== Data ==
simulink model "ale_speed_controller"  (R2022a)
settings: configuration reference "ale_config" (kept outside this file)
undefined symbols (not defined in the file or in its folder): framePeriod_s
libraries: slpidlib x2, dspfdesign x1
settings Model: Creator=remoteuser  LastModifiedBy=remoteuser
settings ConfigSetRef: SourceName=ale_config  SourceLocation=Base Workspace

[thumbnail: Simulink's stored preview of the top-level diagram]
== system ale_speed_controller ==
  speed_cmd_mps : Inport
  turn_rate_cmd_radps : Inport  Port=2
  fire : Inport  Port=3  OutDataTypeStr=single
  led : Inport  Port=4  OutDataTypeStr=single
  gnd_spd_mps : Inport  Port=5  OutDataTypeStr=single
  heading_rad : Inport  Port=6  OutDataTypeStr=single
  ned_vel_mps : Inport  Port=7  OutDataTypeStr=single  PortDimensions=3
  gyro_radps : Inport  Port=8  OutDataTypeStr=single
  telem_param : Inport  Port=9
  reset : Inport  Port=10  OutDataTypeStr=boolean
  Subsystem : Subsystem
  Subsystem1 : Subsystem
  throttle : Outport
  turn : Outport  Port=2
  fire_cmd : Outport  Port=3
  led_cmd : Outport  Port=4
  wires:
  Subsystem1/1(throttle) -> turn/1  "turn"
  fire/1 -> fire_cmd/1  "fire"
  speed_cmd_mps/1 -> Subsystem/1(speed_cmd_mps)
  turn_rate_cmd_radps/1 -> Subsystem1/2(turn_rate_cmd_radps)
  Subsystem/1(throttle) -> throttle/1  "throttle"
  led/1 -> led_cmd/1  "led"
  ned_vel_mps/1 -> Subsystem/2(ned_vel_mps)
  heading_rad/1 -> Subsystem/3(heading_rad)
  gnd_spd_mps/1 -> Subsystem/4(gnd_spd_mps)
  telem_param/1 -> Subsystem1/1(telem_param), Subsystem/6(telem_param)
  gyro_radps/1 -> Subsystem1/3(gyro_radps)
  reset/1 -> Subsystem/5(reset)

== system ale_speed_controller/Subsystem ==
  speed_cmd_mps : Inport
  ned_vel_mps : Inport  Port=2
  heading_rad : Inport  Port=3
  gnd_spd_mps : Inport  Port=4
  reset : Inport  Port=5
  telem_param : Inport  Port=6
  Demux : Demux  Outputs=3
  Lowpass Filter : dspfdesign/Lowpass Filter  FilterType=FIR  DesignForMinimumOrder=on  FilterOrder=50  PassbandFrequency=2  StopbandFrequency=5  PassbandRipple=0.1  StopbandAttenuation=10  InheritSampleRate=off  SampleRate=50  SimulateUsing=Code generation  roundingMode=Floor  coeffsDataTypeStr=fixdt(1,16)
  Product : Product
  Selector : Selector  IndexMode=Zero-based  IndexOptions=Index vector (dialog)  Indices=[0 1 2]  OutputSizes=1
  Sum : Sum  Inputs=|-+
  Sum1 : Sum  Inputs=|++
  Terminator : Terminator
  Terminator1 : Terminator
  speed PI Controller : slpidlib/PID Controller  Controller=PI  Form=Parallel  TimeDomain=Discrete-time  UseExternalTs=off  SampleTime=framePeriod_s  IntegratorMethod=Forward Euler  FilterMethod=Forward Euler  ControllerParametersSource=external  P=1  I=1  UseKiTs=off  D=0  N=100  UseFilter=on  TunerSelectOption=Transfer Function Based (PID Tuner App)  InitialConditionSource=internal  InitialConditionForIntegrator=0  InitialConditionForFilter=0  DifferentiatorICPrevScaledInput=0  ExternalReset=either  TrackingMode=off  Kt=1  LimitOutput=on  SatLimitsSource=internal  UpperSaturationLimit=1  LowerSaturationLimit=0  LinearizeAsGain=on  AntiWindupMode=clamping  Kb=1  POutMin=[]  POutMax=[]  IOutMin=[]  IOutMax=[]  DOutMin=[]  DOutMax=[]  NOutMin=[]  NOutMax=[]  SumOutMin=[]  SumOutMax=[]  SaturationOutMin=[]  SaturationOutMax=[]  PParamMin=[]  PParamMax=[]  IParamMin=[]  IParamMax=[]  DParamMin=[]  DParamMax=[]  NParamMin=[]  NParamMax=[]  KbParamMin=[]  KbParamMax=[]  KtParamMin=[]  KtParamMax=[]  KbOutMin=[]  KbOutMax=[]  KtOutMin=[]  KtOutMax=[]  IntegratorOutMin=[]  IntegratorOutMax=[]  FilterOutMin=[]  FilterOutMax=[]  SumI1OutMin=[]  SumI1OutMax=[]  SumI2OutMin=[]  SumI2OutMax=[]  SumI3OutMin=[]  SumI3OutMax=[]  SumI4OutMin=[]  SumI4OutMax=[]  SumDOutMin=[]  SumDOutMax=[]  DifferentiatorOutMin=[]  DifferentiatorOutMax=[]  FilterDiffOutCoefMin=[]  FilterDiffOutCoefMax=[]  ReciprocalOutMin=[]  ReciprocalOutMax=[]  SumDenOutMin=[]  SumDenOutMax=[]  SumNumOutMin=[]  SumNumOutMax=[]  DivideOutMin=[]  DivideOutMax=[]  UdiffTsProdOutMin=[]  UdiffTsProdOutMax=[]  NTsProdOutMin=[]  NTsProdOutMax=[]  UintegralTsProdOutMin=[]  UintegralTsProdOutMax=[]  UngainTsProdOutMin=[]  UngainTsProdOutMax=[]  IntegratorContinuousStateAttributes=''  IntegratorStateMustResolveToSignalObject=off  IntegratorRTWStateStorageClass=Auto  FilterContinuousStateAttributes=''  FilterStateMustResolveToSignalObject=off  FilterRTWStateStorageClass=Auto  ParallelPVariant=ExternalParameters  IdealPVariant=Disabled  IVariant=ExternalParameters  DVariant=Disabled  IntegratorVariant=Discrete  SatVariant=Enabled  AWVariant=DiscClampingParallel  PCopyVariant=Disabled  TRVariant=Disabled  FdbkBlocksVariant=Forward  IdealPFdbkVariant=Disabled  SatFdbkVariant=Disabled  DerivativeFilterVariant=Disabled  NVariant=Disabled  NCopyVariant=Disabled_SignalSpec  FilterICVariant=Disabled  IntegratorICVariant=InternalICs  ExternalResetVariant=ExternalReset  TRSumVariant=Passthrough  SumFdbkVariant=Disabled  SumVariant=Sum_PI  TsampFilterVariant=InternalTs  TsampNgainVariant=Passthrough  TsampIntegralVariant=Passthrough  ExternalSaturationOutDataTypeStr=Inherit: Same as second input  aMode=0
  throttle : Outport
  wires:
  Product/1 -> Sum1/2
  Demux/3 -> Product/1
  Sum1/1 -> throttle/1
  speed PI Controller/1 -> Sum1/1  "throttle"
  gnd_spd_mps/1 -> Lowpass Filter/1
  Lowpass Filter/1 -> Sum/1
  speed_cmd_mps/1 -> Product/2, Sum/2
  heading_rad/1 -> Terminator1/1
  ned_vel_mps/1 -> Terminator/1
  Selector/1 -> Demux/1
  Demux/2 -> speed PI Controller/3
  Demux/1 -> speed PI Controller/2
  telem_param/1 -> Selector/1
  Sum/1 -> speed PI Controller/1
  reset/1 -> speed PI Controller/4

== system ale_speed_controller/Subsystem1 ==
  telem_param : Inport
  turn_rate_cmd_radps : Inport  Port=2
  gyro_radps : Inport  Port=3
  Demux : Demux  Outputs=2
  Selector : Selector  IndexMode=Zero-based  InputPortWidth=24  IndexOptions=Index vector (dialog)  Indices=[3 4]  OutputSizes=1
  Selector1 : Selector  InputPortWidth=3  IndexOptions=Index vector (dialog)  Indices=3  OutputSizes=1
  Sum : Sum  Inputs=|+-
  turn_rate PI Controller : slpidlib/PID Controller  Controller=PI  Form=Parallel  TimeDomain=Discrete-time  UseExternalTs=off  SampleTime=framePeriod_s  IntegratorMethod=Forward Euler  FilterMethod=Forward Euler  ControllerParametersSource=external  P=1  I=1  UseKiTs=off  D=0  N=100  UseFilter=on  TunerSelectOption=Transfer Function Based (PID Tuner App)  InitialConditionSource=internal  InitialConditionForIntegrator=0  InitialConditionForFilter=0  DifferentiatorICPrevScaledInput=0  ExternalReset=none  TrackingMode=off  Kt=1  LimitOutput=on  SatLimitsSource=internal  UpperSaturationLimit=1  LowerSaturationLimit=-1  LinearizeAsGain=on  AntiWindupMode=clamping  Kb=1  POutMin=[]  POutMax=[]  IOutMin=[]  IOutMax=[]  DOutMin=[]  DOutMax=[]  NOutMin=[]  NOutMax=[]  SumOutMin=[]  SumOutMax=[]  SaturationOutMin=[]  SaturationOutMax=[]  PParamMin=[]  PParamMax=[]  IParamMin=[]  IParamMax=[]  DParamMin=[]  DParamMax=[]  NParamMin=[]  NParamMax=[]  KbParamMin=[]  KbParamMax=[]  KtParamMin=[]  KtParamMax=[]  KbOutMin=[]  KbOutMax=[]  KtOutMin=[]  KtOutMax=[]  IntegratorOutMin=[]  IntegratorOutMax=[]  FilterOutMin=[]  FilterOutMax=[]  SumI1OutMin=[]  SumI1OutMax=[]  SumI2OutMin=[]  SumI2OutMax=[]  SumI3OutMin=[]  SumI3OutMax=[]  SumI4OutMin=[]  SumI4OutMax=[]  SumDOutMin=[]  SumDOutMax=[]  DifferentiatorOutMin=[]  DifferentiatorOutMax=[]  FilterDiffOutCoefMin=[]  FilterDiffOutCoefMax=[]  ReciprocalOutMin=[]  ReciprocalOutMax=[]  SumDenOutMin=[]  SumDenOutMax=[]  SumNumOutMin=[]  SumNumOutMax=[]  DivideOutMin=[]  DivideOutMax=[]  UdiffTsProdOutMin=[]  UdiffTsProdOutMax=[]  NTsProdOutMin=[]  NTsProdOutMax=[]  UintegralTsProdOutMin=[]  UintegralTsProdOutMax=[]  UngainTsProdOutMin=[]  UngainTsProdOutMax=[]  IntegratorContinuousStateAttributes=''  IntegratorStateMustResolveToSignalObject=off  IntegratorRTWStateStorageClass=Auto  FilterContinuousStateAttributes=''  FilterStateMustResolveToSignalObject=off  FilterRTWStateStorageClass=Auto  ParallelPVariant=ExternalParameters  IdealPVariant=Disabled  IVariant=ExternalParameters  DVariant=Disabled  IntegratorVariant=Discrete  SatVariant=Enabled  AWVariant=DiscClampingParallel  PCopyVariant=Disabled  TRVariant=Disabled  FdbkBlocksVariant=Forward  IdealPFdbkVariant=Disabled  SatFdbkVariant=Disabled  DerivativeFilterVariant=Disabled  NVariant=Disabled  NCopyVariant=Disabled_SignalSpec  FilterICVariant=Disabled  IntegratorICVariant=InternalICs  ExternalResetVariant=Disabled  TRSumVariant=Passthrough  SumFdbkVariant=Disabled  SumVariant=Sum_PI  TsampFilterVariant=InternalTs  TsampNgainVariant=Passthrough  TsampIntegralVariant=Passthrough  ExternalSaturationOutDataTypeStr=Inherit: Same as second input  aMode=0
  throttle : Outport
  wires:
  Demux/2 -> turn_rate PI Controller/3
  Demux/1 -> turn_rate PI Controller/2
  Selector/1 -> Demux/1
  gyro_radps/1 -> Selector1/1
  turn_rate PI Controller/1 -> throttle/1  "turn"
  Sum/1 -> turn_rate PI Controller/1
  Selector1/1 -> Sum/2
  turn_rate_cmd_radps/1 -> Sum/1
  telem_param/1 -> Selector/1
===
Assignment — Report every line of the preceding listing where the string "InputPortWidth" occurs.

Problem solution —
  Selector : Selector  IndexMode=Zero-based  InputPortWidth=24  IndexOptions=Index vector (dialog)  Indices=[3 4]  OutputSizes=1
  Selector1 : Selector  InputPortWidth=3  IndexOptions=Index vector (dialog)  Indices=3  OutputSizes=1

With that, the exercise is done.